RoadID’s website offers a laundry list of “testimonials” detailing how cyclist’s lives were spared because of the bracelet and a pamphlet that can be printed and distributed to local fire houses and EMS personnel. The site, originally void of evidence of direct contact with first responders, now features a section on first responder outreach.

“If you’re profiting from this, you have an obligation to make sure this system works,” Webb said.

RoadID is set to spread the word about the bracelet with an awareness program in the next 30 days. The first mission is to place ads in magazines targeting first responders.

“At one point you think everybody knows about you,” said Wimmer, who founded the company with son Edward in 1999. “You think, ‘There are people out there that have never heard of us? How can that be?’

“It’s something we kind of overlooked, going into this business assuming they’re going to look for ID. We have to correct that problem. We have a lot of people who buy our RoadID and then go to their local fire house and first responders, but you can’t count on people to tell your story.”

Tabor, a 28-year veteran of EMS, said, “It’s the manufacturer’s responsibility to enlist somebody to give training. For us not to realize or not even know that they exist can obviously catch a first responder off guard.”

Although the first responders didn’t know about Colvin’s bracelet, the attending emergency room physician was one of her cycling students and knew Colvin’s medical history.

“I had a serious incident,” Colvin said. “To find out these first responders don’t know what the hell you have on you, and what that means, it’s scary.

“You feel you’re protected, but you’re really not. It bothers me to my core.”

Colvin has since gone door-to-door to fire houses and emergency facilities providing information about the bracelets.

“I’m going to do it. I’m that disgusted,” she said.
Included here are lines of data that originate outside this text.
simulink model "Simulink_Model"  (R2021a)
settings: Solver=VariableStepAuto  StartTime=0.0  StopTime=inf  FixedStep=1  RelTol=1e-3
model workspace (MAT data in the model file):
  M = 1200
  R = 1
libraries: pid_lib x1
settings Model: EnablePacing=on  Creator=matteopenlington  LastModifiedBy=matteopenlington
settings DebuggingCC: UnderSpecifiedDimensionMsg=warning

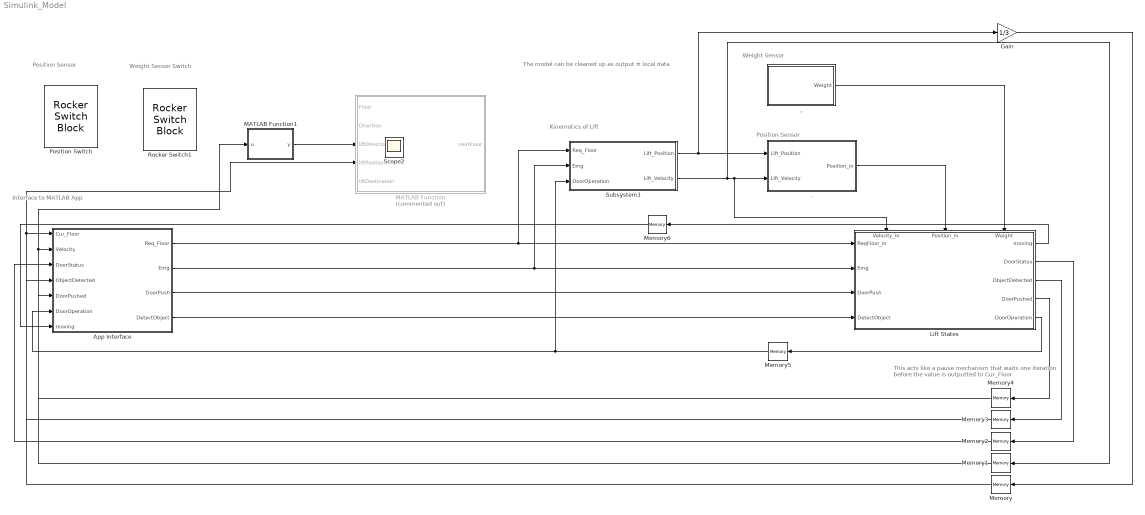
== system Simulink_Model ==
  note: Position Sensor
  note: Position Sensor
  note: Weight Sensor Switch
  note: Weight Sensor
  note: This acts like a pause mechanism that
      | waits one iteration before the value is
      | outputted to Cur_Floor
  note: The model can be cleaned up as output = local data
  note: Interface to MATLAB App
  note: Kinematics of Lift
  , : Subsystem
  . : Subsystem
  App Interface : Stateflow chart  TreatAsAtomicUnit=on
  Gain : Gain  Gain=1/3
  Lift States : Stateflow chart  TreatAsAtomicUnit=on
      settings: PortSchema="{\"entries\":[{\"content\":{\"sides\":[{\"content\":{\"connectorIds\":[\"In1\",\"In3\",\"In4\",\"In5\"]},\"type\":\"ConnectorPlacement.EquallySpacedRectSide\",\"uuid\":\"bd67e075-ced7-4894-beb9-3d24b34d513a\"},{\"content\":{\"connectorIds\":[\"Out1\",\"Out2\",\"Out3\",\"Out4\",\"Out5\"],\"side\":\"RIGHT\"},\"type\":\"ConnectorPlacement.EquallySpacedRectSide\",\"uuid\":\"62974800-2f1d-440c-84a5-b13d0b321f49\"},{\"content\":{\"connectorIds\":[\"In7\",\"In6\",\"In2\"],\"side\":\"TOP\"},\"type\":\"ConnectorPlacement.EquallySpacedRectSide\",\"uuid\":\"b0ebe389-7aaa-432d-aca6-247e3589a149\"}]},\"type\":\"ConnectorPlacement.EquallySpacedConnector\",\"uuid\":\"bed4184c-0ba6-4939-b370-ce80092994a7\"}],\"packageUris\":[\"http://schema.mathworks.com/mf0/Connector/R2020b\"],\"version\":\"1.0\"}"
  MATLAB Function : MATLAB Function  Commented=on  TreatAsAtomicUnit=on
  MATLAB Function1 : MATLAB Function  TreatAsAtomicUnit=on
  Memory{,1..6} (7 alike) : Memory
  Position Switch : RockerSwitchBlock
      settings: Values={{'Off', 'On'}, [0 1]}
  Rocker Switch1 : RockerSwitchBlock
      settings: Values={{'Off', 'On'}, [0 1]}
  Subsystem1 : Subsystem
  Scope2 : Scope
  wires:
  Memory/1 -> MATLAB Function/4(liftPosition), App Interface/1(Cur_Floor)
  Gain/1 -> Memory/1
  App Interface/2(Emg) -> Subsystem1/2(Emg), Lift States/3(Emg)
  Memory1/1 -> MATLAB Function1/1(u), App Interface/2(Velocity)
  App Interface/3(DoorPush) -> Lift States/4(DoorPush)
  Lift States/2(DoorStatus) -> Memory2/1
  Memory2/1 -> App Interface/3(DoorStatus)
  Subsystem1/2(Lift_Velocity) -> ./2(Lift_Velocity), Lift States/7(Velocity_in), Memory1/1
  App Interface/4(DetectObject) -> Lift States/5(DetectObject)
  App Interface/1(Req_Floor) -> Subsystem1/1(Req_Floor), Lift States/1(ReqFloor_in)
  Lift States/3(ObjectDetected) -> Memory3/1
  Memory3/1 -> App Interface/4(ObjectDetected)
  ./1(Position_in) -> Lift States/6(Position_in)
  Lift States/4(DoorPushed) -> Memory4/1
  Memory4/1 -> App Interface/5(DoorPushed)
  Subsystem1/1(Lift_Position) -> ./1(Lift_Position), Gain/1
  ,/1(Weight) -> Lift States/2(Weight)
  Lift States/5(DoorOperation) -> Memory5/1
  Memory5/1 -> App Interface/6(DoorOperation), Subsystem1/3(DoorOperation)
  Lift States/1(moving) -> Memory6/1
  Memory6/1 -> App Interface/7(moving)
  MATLAB Function1/1(y) -> MATLAB Function/3(liftDirection)

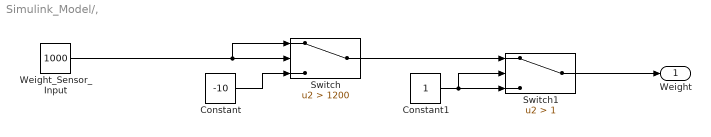
== system Simulink_Model/, ==
  Constant : Constant  Value=-10
  Constant1 : Constant
  Switch : Switch  Criteria=u2 > Threshold  Threshold=1200
  Switch1 : Switch  Criteria=u2 > Threshold  Threshold=1
  Weight_Sensor_Input : Constant  Value=1000
  Weight : Outport
  wires:
  Weight_Sensor_Input/1 -> Switch/1, Switch/2
  Switch/1 -> Switch1/1
  Constant/1 -> Switch/3
  Constant1/1 -> Switch1/3, Switch1/2
  Switch1/1 -> Weight/1

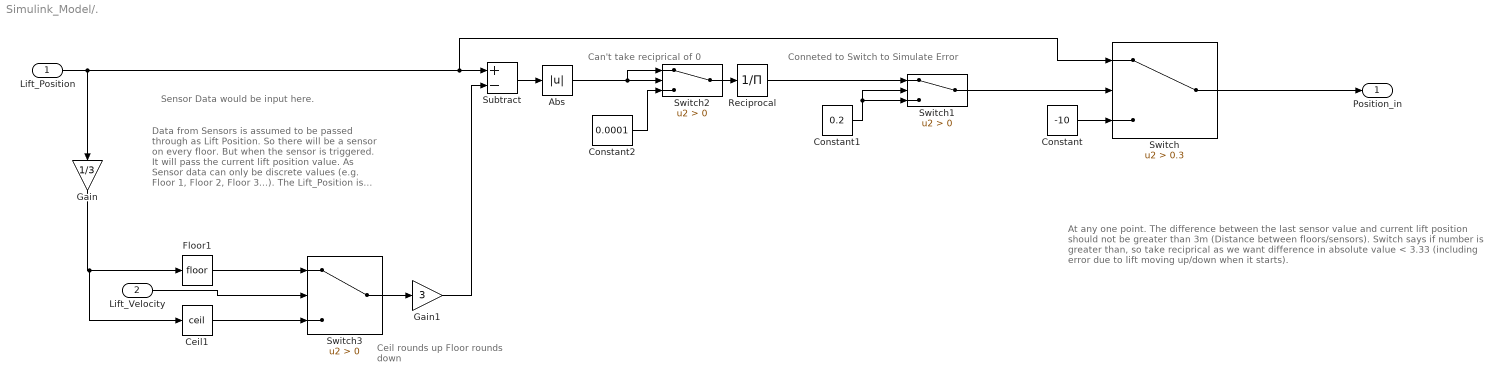
== system Simulink_Model/. ==
  note: Can't take reciprical of 0
  note: At any one point. The difference between the last sensor value and current lift position should not be greater than 3m (Distance between floors/sensors).
      |
      | Switch says if number is greater than, so take reciprical as we want difference in absolute value < 3.33 (including error due to lift moving up/down when it starts).
  note: Ceil rounds up
      | Floor rounds down
  note: Data from Sensors is assumed to be passed through as Lift Position. So there will be a sensor on every floor. But when the sensor is triggered. It will pass the current lift position value.
      |
      | As Sensor data can only be discrete values (e.g. Floor 1, Floor 2, Floor 3...). The Lift_Position is rounded to the integer according to whether velocity is up or down, as the opposite will be where the last stop was.
  note: Sensor Data would be input here.
  note: Conneted to Switch to Simulate Error
  Lift_Position : Inport
  Lift_Velocity : Inport  Port=2
  Abs : Abs
  Ceil1 : Rounding  Operator=ceil
  Constant : Constant  Value=-10
  Constant1 : Constant  Value=0.2
  Constant2 : Constant  Value=0.0001
  Floor1 : Rounding
  Gain : Gain  Gain=1/3
  Gain1 : Gain  Gain=3
  Reciprocal : Product  Inputs=/
  Subtract : Sum  Inputs=+-
  Switch : Switch  Criteria=u2 > Threshold  Threshold=0.3
  Switch1 : Switch  Criteria=u2 > Threshold
  Switch2 : Switch  Criteria=u2 > Threshold
  Switch3 : Switch  Criteria=u2 > Threshold
  Position_in : Outport
  wires:
  Lift_Position/1 -> Subtract/1, Switch/1, Gain/1
  Subtract/1 -> Abs/1
  Constant/1 -> Switch/3
  Switch/1 -> Position_in/1
  Switch1/1 -> Switch/2
  Abs/1 -> Switch2/1, Switch2/2
  Constant1/1 -> Switch1/3, Switch1/2
  Lift_Velocity/1 -> Switch3/2
  Switch3/1 -> Gain1/1
  Floor1/1 -> Switch3/1
  Ceil1/1 -> Switch3/3
  Gain/1 -> Floor1/1, Ceil1/1
  Gain1/1 -> Subtract/2
  Constant2/1 -> Switch2/3
  Switch2/1 -> Reciprocal/1
  Reciprocal/1 -> Switch1/1

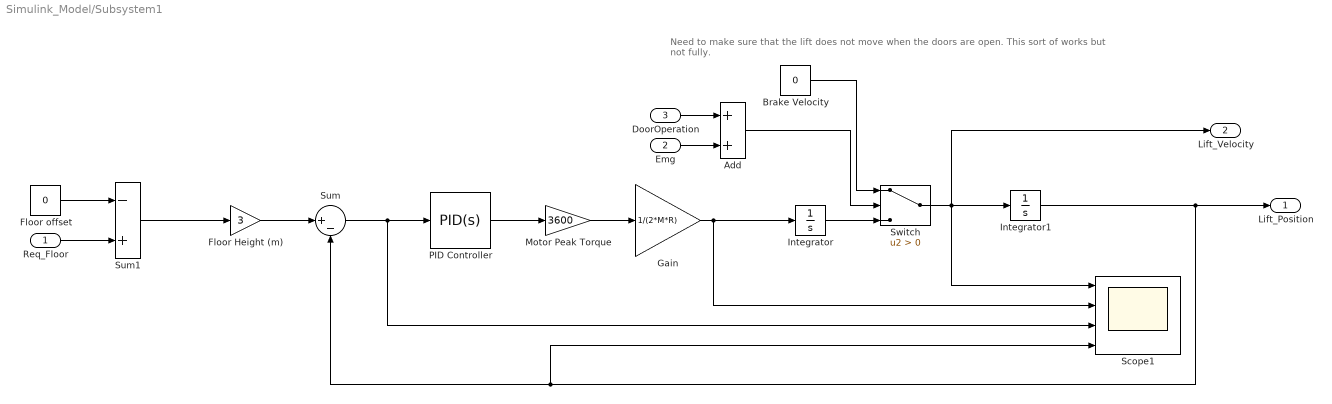
== system Simulink_Model/Subsystem1 ==
  note: Need to make sure that the lift does not move when the doors are open. This sort of works but not fully.
  Req_Floor : Inport
  Emg : Inport  Port=2
  DoorOperation : Inport  Port=3
  Add : Sum
  Brake Velocity : Constant  Value=0
  Floor Height (m) : Gain  Gain=3
  Floor offset : Constant  Value=0
  Gain : Gain  Gain=1/(2*M*R)
  Integrator : Integrator
  Integrator1 : Integrator
  Motor Peak Torque : Gain  Gain=3600
  PID Controller : pid_lib/PID Controller  Controller=PID  Form=Parallel  TimeDomain=Continuous-time  UseExternalTs=off  SampleTime=-1  IntegratorMethod=Forward Euler  FilterMethod=Forward Euler  ControllerParametersSource=internal  P=1  I=0  D=2  UseFilter=on  N=5.45  TunerSelectOption=Transfer Function Based (PID Tuner App)  InitialConditionSource=internal  InitialConditionForIntegrator=0  InitialConditionForFilter=0  DifferentiatorICPrevScaledInput=0  ExternalReset=none  TrackingMode=off  Kt=1  LimitOutput=on  SatLimitsSource=internal  UpperSaturationLimit=1  LowerSaturationLimit=-1  LinearizeAsGain=on  AntiWindupMode=none  Kb=1  POutMin=[]  POutMax=[]  IOutMin=[]  IOutMax=[]  DOutMin=[]  DOutMax=[]  NOutMin=[]  NOutMax=[]  SumOutMin=[]  SumOutMax=[]  SaturationOutMin=[]  SaturationOutMax=[]  PParamMin=[]  PParamMax=[]  IParamMin=[]  IParamMax=[]  DParamMin=[]  DParamMax=[]  NParamMin=[]  NParamMax=[]  KbParamMin=[]  KbParamMax=[]  KtParamMin=[]  KtParamMax=[]  KbOutMin=[]  KbOutMax=[]  KtOutMin=[]  KtOutMax=[]  IntegratorOutMin=[]  IntegratorOutMax=[]  FilterOutMin=[]  FilterOutMax=[]  SumI1OutMin=[]  SumI1OutMax=[]  SumI2OutMin=[]  SumI2OutMax=[]  SumI3OutMin=[]  SumI3OutMax=[]  SumI4OutMin=[]  SumI4OutMax=[]  SumDOutMin=[]  SumDOutMax=[]  DifferentiatorOutMin=[]  DifferentiatorOutMax=[]  FilterDiffOutCoefMin=[]  FilterDiffOutCoefMax=[]  ReciprocalOutMin=[]  ReciprocalOutMax=[]  SumDenOutMin=[]  SumDenOutMax=[]  SumNumOutMin=[]  SumNumOutMax=[]  DivideOutMin=[]  DivideOutMax=[]  UdiffTsProdOutMin=[]  UdiffTsProdOutMax=[]  NTsProdOutMin=[]  NTsProdOutMax=[]  UintegralTsProdOutMin=[]  UintegralTsProdOutMax=[]  UngainTsProdOutMin=[]  UngainTsProdOutMax=[]  IntegratorContinuousStateAttributes=''  IntegratorStateMustResolveToSignalObject=off  IntegratorRTWStateStorageClass=Auto  FilterContinuousStateAttributes=''  FilterStateMustResolveToSignalObject=off  FilterRTWStateStorageClass=Auto  ParallelPVariant=InternalParameters  IdealPVariant=Disabled  IVariant=InternalParameters  DVariant=InternalParameters  IntegratorVariant=Continuous  SatVariant=Enabled  AWVariant=Passthrough  PCopyVariant=Disabled  TRVariant=Disabled  FdbkBlocksVariant=Forward  IdealPFdbkVariant=Disabled  SatFdbkVariant=Disabled  DerivativeFilterVariant=ContFilter  NVariant=InternalParameters  NCopyVariant=Disabled  FilterICVariant=InternalICsFilter  IntegratorICVariant=InternalICs  ExternalResetVariant=Disabled  TRSumVariant=Passthrough  SumFdbkVariant=Disabled  SumVariant=Sum_PID  TsampFilterVariant=InternalTs  TsampNgainVariant=Passthrough  TsampIntegralVariant=Passthrough  ExternalSaturationOutDataTypeStr=Inherit: Same as second input
  Scope1 : Scope  NumInputPorts=4
  Sum : Sum  Inputs=|+-
  Sum1 : Sum  Inputs=-+
  Switch : Switch  Criteria=u2 > Threshold
  Lift_Position : Outport
  Lift_Velocity : Outport  Port=2
  wires:
  Req_Floor/1 -> Sum1/2
  Gain/1 -> Scope1/2, Integrator/1
  Sum/1 -> Scope1/3, PID Controller/1
  PID Controller/1 -> Motor Peak Torque/1
  Floor Height (m)/1 -> Sum/1
  Sum1/1 -> Floor Height (m)/1
  Integrator/1 -> Switch/3
  Integrator1/1 -> Lift_Position/1, Scope1/4, Sum/2
  Motor Peak Torque/1 -> Gain/1
  Floor offset/1 -> Sum1/1
  Switch/1 -> Scope1/1, Lift_Velocity/1, Integrator1/1
  Brake Velocity/1 -> Switch/1
  Emg/1 -> Add/2
  DoorOperation/1 -> Add/1
  Add/1 -> Switch/2

== stateflow chart Simulink_Model/App Interface ==
  state InterfaceFromApp
    en:
    coder.extrinsic('AppWSimulink', 'updateCounter', 'Logic', 'Emergency', 'DoorOperationReq', 'updateDoorStatus');
    app = AppWSimulink(this);
    %Req_Floor = 2;
    initialiseData();
    Logic(app,Req_Floor);
    Emergency(app,Emg);
    DoorOperationReq(app, DoorPush)
    du:
    if hasChanged(Cur_Floor)
    updateCounter(app, Cur_Floor, moving, DoorOperation);
    end
    if abs(Req_Floor - Cur_Floor) < 0.1
    updateDoorStatus(app,DoorStatus, ObjectDetected);
    end
    if (Emg == 1)
    Reset;
    end
    if DoorPushed == 1
    DoorPush = -2;
    end
    state initialiseData [function]
      (default) -> (junction 12) : {
          | %CurFloor = 0;
          | Req_Floor = 0;
          | Emg = 0;
          | DoorPush =-2;
          | DetectObject =-1 ;
          | }
    state Reset [function]
      (default) -> (junction 119) : {
          | Req_Floor = Cur_Floor;
          | DoorPush =3;
          | }
  (default) -> InterfaceFromApp
  data: app local; Cur_Floor input; Req_Floor output; Emg output; Velocity input; DoorPush output; DoorStatus input; DetectObject output; ObjectDetected input; DoorPushed input; DoorOperation input; moving input

== stateflow chart Simulink_Model/Lift States ==
  state No_Error2
    entry:
    door = 0;
    doorClose = 0;
    DoorStatus = 3;
    hasOpened = 1;
    DoorPushed = 0;
    DoorOperation = 0;
    state Motion [group]
      state MovingUp
        entry:
        moving = 1;
        exit:
        moving = 0;
      state MovingDown
        entry:
        moving = 2;
        exit:
        moving =0;
    state Not_Moving
      entry:
      Cur_Floor;
      NxtFloor;
      ObjectDetected = -1;
      state NxtFloor [function]
        (default) -> (junction 212)
        (junction 212) -> (junction 213) [order 1] : [isempty(ReqFloor_in)]{ReqFloor = -10}
        (junction 212) -> (junction 214) [order 2] : {ReqFloor = ReqFloor_in;}
        (junction 213) -> (junction 215)
        (junction 214) -> (junction 215)
      state Idle
        en:
      state Doors
        state OpOpening [function]
          note: If the door movement was simulated that value would end up being exactly 0 or 1. Because of step iterations you end up with 1.1 and -0.1. But the transitions account for this.
          (default) -> (junction 231) : [door <= 1]{door = door + 0.1;}
        note: Value of door isn't always 0 or 1
        state OpClosing [function]
          (default) -> (junction 244) : {door = door - 0.1;}
        state DoorOpening
          en:
          door = 0;
          doorClose = 0;
          DoorStatus = 0;
          du:
          OpOpening;
        state ObjectDetection [function]
          (default) -> (junction 290)
          (junction 290) -> (junction 292) [order 1] : [DetectObject ==1]{ObjectDetected = 1;}
          (junction 290) -> (junction 294) [order 2] : {ObjectDetected = 0;}
          (junction 292) -> (junction 297)
          (junction 294) -> (junction 297)
        state DoorClosing
          en:
          DoorStatus = 2;
          DoorPushed = 0;
          du:
          ObjectDetection;
          OpClosing;
        state DoorOpen
          entry:
          DoorStatus = 1;
          hasOpened = 1;
        state DoorClosed
          entry:
          DoorStatus =3;
          pause(2);
          doorClose = 1;
        (junction 318) -> DoorOpening
        DoorClosing -> (junction 318) [order 1] : [ObjectDetected == 1]
        (junction 321) -> DoorOpening
        DoorClosing -> (junction 321) [order 2] : [DoorPush == 0]{DoorPushed = 1;}
        DoorOpening -> DoorOpen : [door >= 1]{DoorPushed = 0;}
        DoorOpen -> DoorClosing [order 2] : [DoorPush == 1]{DoorPushed = 1;}
        DoorClosing -> DoorClosed [order 3] : [door <= 0]
        DoorOpen -> DoorClosing [order 1] : after(2,sec)
      (default) -> Idle
      Idle -> DoorOpening [order 1] : [ (ReqFloor - CurFloor)<0.01 && hasOpened == 0]{DoorOperation =1;}
    state Cur_Floor [function]
      (default) -> (junction 279) : {CurFloor = (Position_in/3);}
    note: Set DoorPush == -2 because it has been completed. But don't want to set ObjectDetected == 0 because we need to run again and make sure there are no objects in the way.
    (default) -> Not_Moving
    Not_Moving -> MovingUp [order 1] : [Velocity_in > 0.2 && DoorOperation == 0]{hasOpened = 0;}
    MovingUp -> Not_Moving : [abs(Velocity_in) < 0.01]
    Idle -> (junction 192) [order 2]
    (junction 192) -> (junction 193)
    Not_Moving -> MovingDown [order 2] : [Velocity_in < -0.2 && DoorOperation == 0]{hasOpened = 0;}
    (junction 193) -> Not_Moving : after(1,sec)
    (junction 194) -> (junction 193)
    MovingDown -> Not_Moving : [abs(Velocity_in) < 0.01]
    Doors -> (junction 194) : [doorClose == 1]{DoorOperation = 0;}
  state Error_States
    en:
    state Emergency
      en:
      DoorStatus = 0;
      hasOpened = 0;
      moving = 0;
    state Position_Sensor
      en:
      DoorStatus = 0;
      hasOpened = 0;
      moving = 0;
    state Weight_Limit
      % call to intercom to say passengers need to get off.
      en:
      DoorStatus = 0;
      hasOpened = 0;
      moving = 0;
  (default) -> No_Error2
  No_Error2 -> Emergency [order 1] : [Emg == 1]
  Emergency -> No_Error2 : [Emg  == 0]
  No_Error2 -> Position_Sensor [order 2] : [Position_in == -10]
  Position_Sensor -> No_Error2 : [Position_in~= -10]
  No_Error2 -> Weight_Limit [order 3] : [Weight == -10]
  Weight_Limit -> No_Error2 : [Weight ~= -10]
  data: CurFloor local; ReqFloor_in input; Weight input; ReqFloor local; Emg input; moving output =0; DoorPush input; DetectObject input; door local; DoorStatus output; hasOpened local; doorClose local; Position_in input; Velocity_in input; ObjectDetected output; Passengers local; DoorPushed output; DoorOperation output

== matlab function Simulink_Model/MATLAB Function ==
  data: Floor input; nextFloor output; Direction input; liftDirection input; liftPosition input; liftDestination input
function nextFloor = liftCall(Floor, Direction, liftDirection, liftPosition, liftDestination)
%% Init. Variables and Data
global passengerMatrix
passengerMatrix = []; % 2D Array

global maxPassengers
maxPassengers = 10;

%% Lift Request Button Pressed
function nextFloor = liftCall(Floor,Direction,liftDirection,liftPosition,liftDestination) % nextFloor changes from existing if redirection to be done
    % Generates New User ID in the Passenger Matrix
    avgFloor = 0;
    if Direction == "Up"
        avgFloor = round(((10 - Floor)/2) + Floor);
    else
        avgFloor = round(Floor / 2);
    end
    
    passenger = [double(Floor), now, avgFloor, 0, 0, Direction];
    
    global passengerMatrix % Adds to Passenger Matrix, also checks if empty
    if size(passengerMatrix,1) == 0
        passengerMatrix = passenger;
    else
        passengerMatrix = [passengerMatrix; passenger];
    end
    
    % Checks if request is en-route and that there is no urgent passenger
    
    overtimeFloor = overtimeCheck();
    
    nextFloor = 0;
    
    if double(overtimeFloor) ~= 0
        if liftDirection == "Up" && overtimeFloor > liftPosition && overtimeFloor < liftDestination
            nextFloor = overtimeFloor;
        elseif liftDirection == "Down" && overtimeFloor < liftPosition && overtimeFloor > liftDestination
            nextFloor = overtimeFloor;
        else
            nextFloor = liftDestination;
        end
    else
        if liftDirection == "None" % Lift is Stationary
            nextFloor = Floor;
        elseif liftDirection == "Up" && Floor > liftPosition && Direction == liftDirection && Floor < liftDestination
            nextFloor = Floor;
        elseif liftDirection == "Down" && Floor < liftPosition && Direction == liftDirection && Floor > liftDestination
            nextFloor = Floor;
        else
            nextFloor = liftDestination;
        end
    end  
    
    % Checks if doing the re-route will cause too many passengers to be
    % picked up
    global maxPassengers
    if nextFloor == Floor
        tempCounter = 0
        currentPassengers = 0
        for j = 1:size(passengerMatrix,1)
            passengerMatrix(j,4)
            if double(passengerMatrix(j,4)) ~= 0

Wimmer said the importance of having readily available information is crucial in almost any circumstance.

“People should have been wearing ID years ago, like wearing a seat belt in a car or putting on a bike helmet,” he said. “If I was home alone and something happened to me I could be laying in my own yard and I guarantee you there isn’t a single neighbor that would know how to contact anyone in my family and couldn’t answer any questions about my allergies, my medications or my medical history — and that’s in my own yard.”

The EMS chief said he has been contacted by companies with similar products in the past, but no company has ever tried to educate him on new products -- they have acted simply as vendors attempting to sell their product.

“If we were to roll up on one with that bracelet, we have 600 guys here, and I would venture to say very few would realize what they needed to do next,” Tabor said. “Any information we can get is extremely important. There are a host of directions you can go. If you find a person down, you’re starting at square one and have to put the puzzle together.

“RoadID is a wonderful idea, it’s just having everybody aware of it.”